С Моррисом я к тому времени уже расправился. Он страдал от несварения желудка. Перед отъездом из Лондона я дал ему таблетку и наказал принять на ночь, заверив, что она мне чудо как помогла. Моррис отличался мнительностью, и я не сомневался, что он с благодарностью последует моему совету. Я ничуть не опасался, что после него останутся компрометирующие бумаги или записи. Не такой это был человек.
Мои жертвы должны были умирать в порядке строгой очередности — этому я придавал большое значение. Я не мог поставить их на одну доску — степень вины каждого из них была совершенно разная. Я решил, что наименее виновные умрут первыми, дабы не обрекать их на длительные душевные страдания и страх, на которые обрекал хладнокровных преступников. Первыми умерли Антони Марстон и миссис Роджерс; Марстон — мгновенно, миссис Роджерс мирно отошла во сне. Марстону, по моим представлениям, от природы не было дано то нравственное чувство, которое присуще большинству из нас. Нравственность попросту не существовала для него: язычником, вот кем он был. Миссис Роджерс, и в этом я совершенно уверен, действовала в основном под влиянием мужа.
Нет нужды подробно описывать, как умерли эти двое.
Полиция и сама без особого труда установила бы, что послужило причиной их смерти. Цианистый калий раздобыть легко — им уничтожают ос. У меня имелся небольшой запас этого яда, и, воспользовавшись общим замешательством, наставшим после предъявленных нам обвинений, я незаметно подсыпал яд в почти опорожненный стакан Марстона.
Хочу добавить, что я не спускал глаз с лиц моих гостей, пока они слушали предъявленные им обвинения, и пришел к выводу, что они все без исключения виновны: человек с моим опытом просто не может ошибиться.
От страшных приступов боли, участившихся в последнее время, мне прописали сильное снотворное — хлоралгидрат. Мне не составило труда накопить смертельную дозу этого препарата. Роджерс принес своей жене коньяк, поставил его на стол, проходя мимо, я подбросил снотворное в коньяк. И опять все прошло гладко, потому что в ту пору нами еще не овладела страшная подозрительность.

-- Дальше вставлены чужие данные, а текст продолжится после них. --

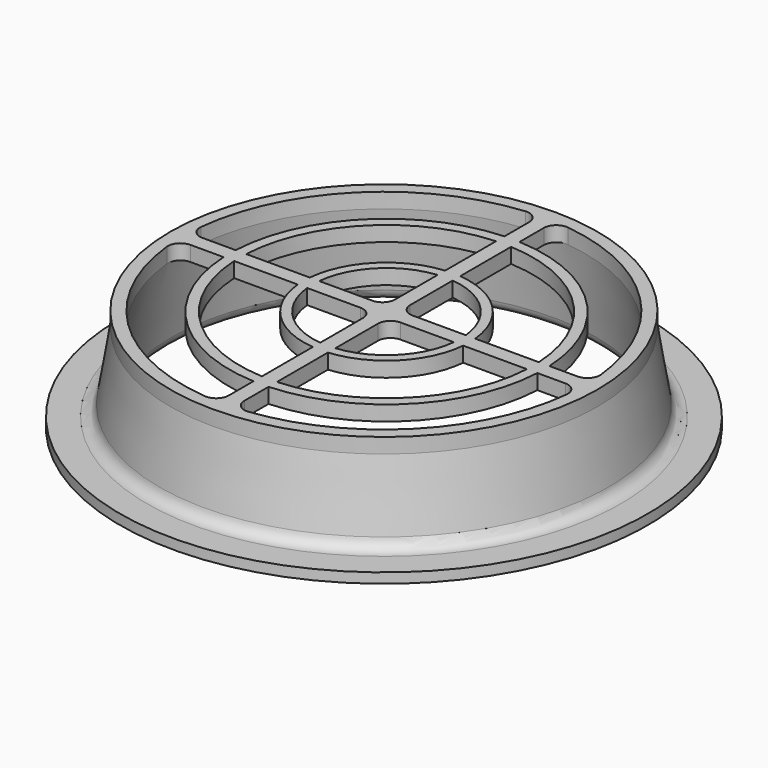
from build123d import *

# Parameters (mm, degrees)
F1_FACE_R   = 17
F1_FACE_R_2 = 16
F3_DEPTH    = 1.2
F4_T1_DEPTH = 1.2


# Not quite as in the source:
# - a fillet or chamfer that OpenCascade refuses, or shapes differently, is made with other operations: its cross-section is extruded or revolved along the edge and cut away or added


with BuildPart() as f1:
    # F0 (on Front) → F1 (revolve)
    with BuildSketch(Plane.XZ):
        with BuildLine():
            Line((-5, -6.2), (-5, -7))
            Line((-5, -7), (-1.8672954017, -7))
            ThreePointArc((-1.8672954017, -7), (-1.2120936603, -6.755453955), (-0.877345908, -6.1414213562))
            Line((-0.877345908, -6.1414213562), (0, 0))
            Line((0, 0), (-1, 0))
            Line((-1, 0), (-1.8643923288, -5.3592324388))
            ThreePointArc((-1.8643923288, -5.3592324388), (-2.2032633542, -5.9613253046), (-2.8516334496, -6.2))
            Line((-2.8516334496, -6.2), (-5, -6.2))
        make_face()
    revolve(axis=Axis((16, 0, -3.4995676855), (0, 0, -1)))

    # F1_face (on face) + F2 (on Top) → F3 (join)
    with BuildSketch(Plane(origin=(16, 0, 0), x_dir=(1, 0, 0), z_dir=(0, 0, 1))):
        Circle(F1_FACE_R)
        Circle(F1_FACE_R_2, mode=Mode.SUBTRACT)
    with BuildSketch(Plane.XY):
        with BuildLine():
            Line((3.7233340059, 0.6), (0.0112539579, 0.6))
            ThreePointArc((0.0112539579, 0.6), (0, 0), (0.0112539579, -0.6))
            Line((0.0112539579, -0.6), (3.7233340059, -0.6))
            ThreePointArc((3.7233340059, -0.6), (7.3688969309, -8.8359634953), (15.6048604261, -12.4815264202))
            Line((15.6048604261, -12.4815264202), (15.6048604261, -15.9951200282))
            ThreePointArc((15.6048604261, -15.9951200282), (16.2050046444, -15.9986866053), (16.8048604261, -15.9797434177))
            Line((16.8048604261, -15.9797434177), (16.8048604261, -12.4815264202))
            ThreePointArc((16.8048604261, -12.4815264202), (25.0408239214, -8.8359634953), (28.6863868464, -0.6))
            Line((28.6863868464, -0.6), (31.9887460421, -0.6))
            ThreePointArc((31.9887460421, -0.6), (31.9971862631, -0.3000527668), (32, 0))
            ThreePointArc((32, 0), (31.9971862631, 0.3000527668), (31.9887460421, 0.6))
            Line((31.9887460421, 0.6), (28.6863868464, 0.6))
            ThreePointArc((28.6863868464, 0.6), (25.0408239214, 8.8359634953), (16.8048604261, 12.4815264202))
            Line((16.8048604261, 12.4815264202), (16.8048604261, 15.9797434177))
            ThreePointArc((16.8048604261, 15.9797434177), (16.2050046444, 15.9986866053), (15.6048604261, 15.9951200282))
            Line((15.6048604261, 15.9951200282), (15.6048604261, 12.4815264202))
            ThreePointArc((15.6048604261, 12.4815264202), (7.3688969309, 8.8359634953), (3.7233340059, 0.6))
        make_face()
        with BuildLine():
            ThreePointArc((15.6048604261, -11.6414250608), (7.9622037717, -8.2426566544), (4.5634353654, -0.6))
            Line((4.5634353654, -0.6), (9.6268322864, -0.6))
            ThreePointArc((9.6268322864, -0.6), (11.5341830552, -4.6706773709), (15.6048604261, -6.5780281397))
            Line((15.6048604261, -6.5780281397), (15.6048604261, -11.6414250608))
        make_face(mode=Mode.SUBTRACT)
        with BuildLine():
            ThreePointArc((15.6048604261, -5.8326828273), (12.0587665437, -4.1460938824), (10.3721775989, -0.6))
            Line((10.3721775989, -0.6), (14.6048604261, -0.6))
            ThreePointArc((14.6048604261, -0.6), (15.3119672073, -0.8928932188), (15.6048604261, -1.6))
            Line((15.6048604261, -1.6), (15.6048604261, -5.8326828273))
        make_face(mode=Mode.SUBTRACT)
        with BuildLine():
            ThreePointArc((16.8048604261, -6.5780281397), (20.875537797, -4.6706773709), (22.7828885658, -0.6))
            Line((22.7828885658, -0.6), (27.8462854869, -0.6))
            ThreePointArc((27.8462854869, -0.6), (24.4475170805, -8.2426566544), (16.8048604261, -11.6414250608))
            Line((16.8048604261, -11.6414250608), (16.8048604261, -6.5780281397))
        make_face(mode=Mode.SUBTRACT)
        with BuildLine():
            ThreePointArc((22.0375432534, -0.6), (20.3509543085, -4.1460938824), (16.8048604261, -5.8326828273))
            Line((16.8048604261, -5.8326828273), (16.8048604261, -1.6))
            ThreePointArc((16.8048604261, -1.6), (17.0977536449, -0.8928932188), (17.8048604261, -0.6))
            Line((17.8048604261, -0.6), (22.0375432534, -0.6))
        make_face(mode=Mode.SUBTRACT)
        with BuildLine():
            ThreePointArc((10.3721775989, 0.6), (12.0587665437, 4.1460938824), (15.6048604261, 5.8326828273))
            Line((15.6048604261, 5.8326828273), (15.6048604261, 1.6))
            ThreePointArc((15.6048604261, 1.6), (15.3119672073, 0.8928932188), (14.6048604261, 0.6))
            Line((14.6048604261, 0.6), (10.3721775989, 0.6))
        make_face(mode=Mode.SUBTRACT)
        with BuildLine():
            ThreePointArc((4.5634353654, 0.6), (7.9622037717, 8.2426566544), (15.6048604261, 11.6414250608))
            Line((15.6048604261, 11.6414250608), (15.6048604261, 6.5780281397))
            ThreePointArc((15.6048604261, 6.5780281397), (11.5341830552, 4.6706773709), (9.6268322864, 0.6))
            Line((9.6268322864, 0.6), (4.5634353654, 0.6))
        make_face(mode=Mode.SUBTRACT)
        with BuildLine():
            Line((16.8048604261, 1.6), (16.8048604261, 5.8326828273))
            ThreePointArc((16.8048604261, 5.8326828273), (20.3509543085, 4.1460938824), (22.0375432534, 0.6))
            Line((22.0375432534, 0.6), (17.8048604261, 0.6))
            ThreePointArc((17.8048604261, 0.6), (17.0977536449, 0.8928932188), (16.8048604261, 1.6))
        make_face(mode=Mode.SUBTRACT)
        with BuildLine():
            Line((16.8048604261, 6.5780281397), (16.8048604261, 11.6414250608))
            ThreePointArc((16.8048604261, 11.6414250608), (24.4475170805, 8.2426566544), (27.8462854869, 0.6))
            Line((27.8462854869, 0.6), (22.7828885658, 0.6))
            ThreePointArc((22.7828885658, 0.6), (20.875537797, 4.6706773709), (16.8048604261, 6.5780281397))
        make_face(mode=Mode.SUBTRACT)
    extrude(amount=F3_DEPTH)

    # F4: fillet of radius 1 on 8 edges, made by hand

    # F4_s2 → F4_t1 (join)
    with BuildSketch(Plane.XY):
        with BuildLine():
            ThreePointArc((14.5118511212, 15.9306438324), (15.2782810581, 15.6742381227), (15.6048604261, 14.9349785929))
            Line((15.6048604261, 14.9349785929), (15.6048604261, 15.9951200282))
            ThreePointArc((15.6048604261, 15.9951200282), (15.0578040841, 15.9722342475), (14.5118511212, 15.9306438324))
        make_face()
        with BuildLine():
            ThreePointArc((17.9251844545, 15.8837547455), (17.1416576021, 15.6394597938), (16.8048604261, 14.8910200739))
            Line((16.8048604261, 14.8910200739), (16.8048604261, 15.9797434177))
            ThreePointArc((16.8048604261, 15.9797434177), (17.3658659227, 15.9415937184), (17.9251844545, 15.8837547455))
        make_face()
        with BuildLine():
            ThreePointArc((31.9087173867, -1.7066666667), (31.6582863368, -0.9316687448), (30.91442255, -0.6))
            Line((30.91442255, -0.6), (31.9887460421, -0.6))
            ThreePointArc((31.9887460421, -0.6), (31.9583276403, -1.1540272632), (31.9087173867, -1.7066666667))
        make_face()
        with BuildLine():
            ThreePointArc((31.9087173867, 1.7066666667), (31.6582863368, 0.9316687448), (30.91442255, 0.6))
            Line((30.91442255, 0.6), (31.9887460421, 0.6))
            ThreePointArc((31.9887460421, 0.6), (31.9583276403, 1.1540272632), (31.9087173867, 1.7066666667))
        make_face()
        with BuildLine():
            ThreePointArc((14.5118511212, -15.9306438324), (15.2782810581, -15.6742381227), (15.6048604261, -14.9349785929))
            Line((15.6048604261, -14.9349785929), (15.6048604261, -15.9951200282))
            ThreePointArc((15.6048604261, -15.9951200282), (15.0578040841, -15.9722342475), (14.5118511212, -15.9306438324))
        make_face()
        with BuildLine():
            ThreePointArc((17.9251844545, -15.8837547455), (17.1416576021, -15.6394597938), (16.8048604261, -14.8910200739))
            Line((16.8048604261, -14.8910200739), (16.8048604261, -15.9797434177))
            ThreePointArc((16.8048604261, -15.9797434177), (17.3658659227, -15.9415937184), (17.9251844545, -15.8837547455))
        make_face()
        with BuildLine():
            ThreePointArc((0.0912826133, 1.7066666667), (0.3417136632, 0.9316687448), (1.08557745, 0.6))
            Line((1.08557745, 0.6), (0.0112539579, 0.6))
            ThreePointArc((0.0112539579, 0.6), (0.0416723597, 1.1540272632), (0.0912826133, 1.7066666667))
        make_face()
        with BuildLine():
            ThreePointArc((0.0912826133, -1.7066666667), (0.3417136632, -0.9316687448), (1.08557745, -0.6))
            Line((1.08557745, -0.6), (0.0112539579, -0.6))
            ThreePointArc((0.0112539579, -0.6), (0.0416723597, -1.1540272632), (0.0912826133, -1.7066666667))
        make_face()
    extrude(amount=F4_T1_DEPTH)


solid = f1.part

Генерал Макартур умер без страданий. Он не слышат, как я подкрался к нему. Я тщательно продумал, когда мне уйти с площадки так, чтобы моего отсутствия никто не заметил, и все прошло прекрасно.
Как я и предвидел, смерть генерала побудила гостей обыскать остров. Они убедились, что, кроме нас семерых, никого на острове нет, и в их души закралось подозрение. Согласно моему плану, на этом этапе мне нужен был сообщник. Я остановил свой выбор на Армстронге. Он произвел на меня впечатление человека легковерного, кроме того, он знал меня в лицо, был обо мне наслышан и ему просто не могло прийти в голову, что человек с моим положением в обществе может быть убийцей. Его подозрения падали на Ломбарда, и я сделал вид, что разделяю их. Я намекнул ему, что у меня есть хитроумный план, благодаря которому мы сможем, заманив преступника в ловушку, изобличить его.
Хотя к этому времени комнаты всех гостей были подвергнуты обыску, личный обыск еще не производился. Но я знал, что его следует ожидать с минуты на минуту.
Роджерса я убил утром 10 августа. Он колол дрова и не слышал, как я подобрался к нему. Ключ от столовой, которую он накануне запер, я вытащил из его кармана.
В разгар суматохи, поднявшейся после этого, для меня не составило труда проникнуть в комнату Ломбарда и изъять его револьвер. Я знал, что у него при себе револьвер: не кто иной, как я, поручил Моррису напомнить Ломбарду, чтобы он не забыл захватить с собой оружие.
За завтраком, подливая кофе мисс Брент, я подсыпал ей в чашку остатки снотворного. Мы ушли из столовой, оставив ее в одиночестве. Когда я чуть позже проскользнул в комнату, она была уже в полудреме, и я сделал ей укол цианистого калия. Появление шмеля вы можете счесть ребячеством, но мне действительно хотелось позабавиться. Я старался ни в чем не отступать от моей любимой считалки.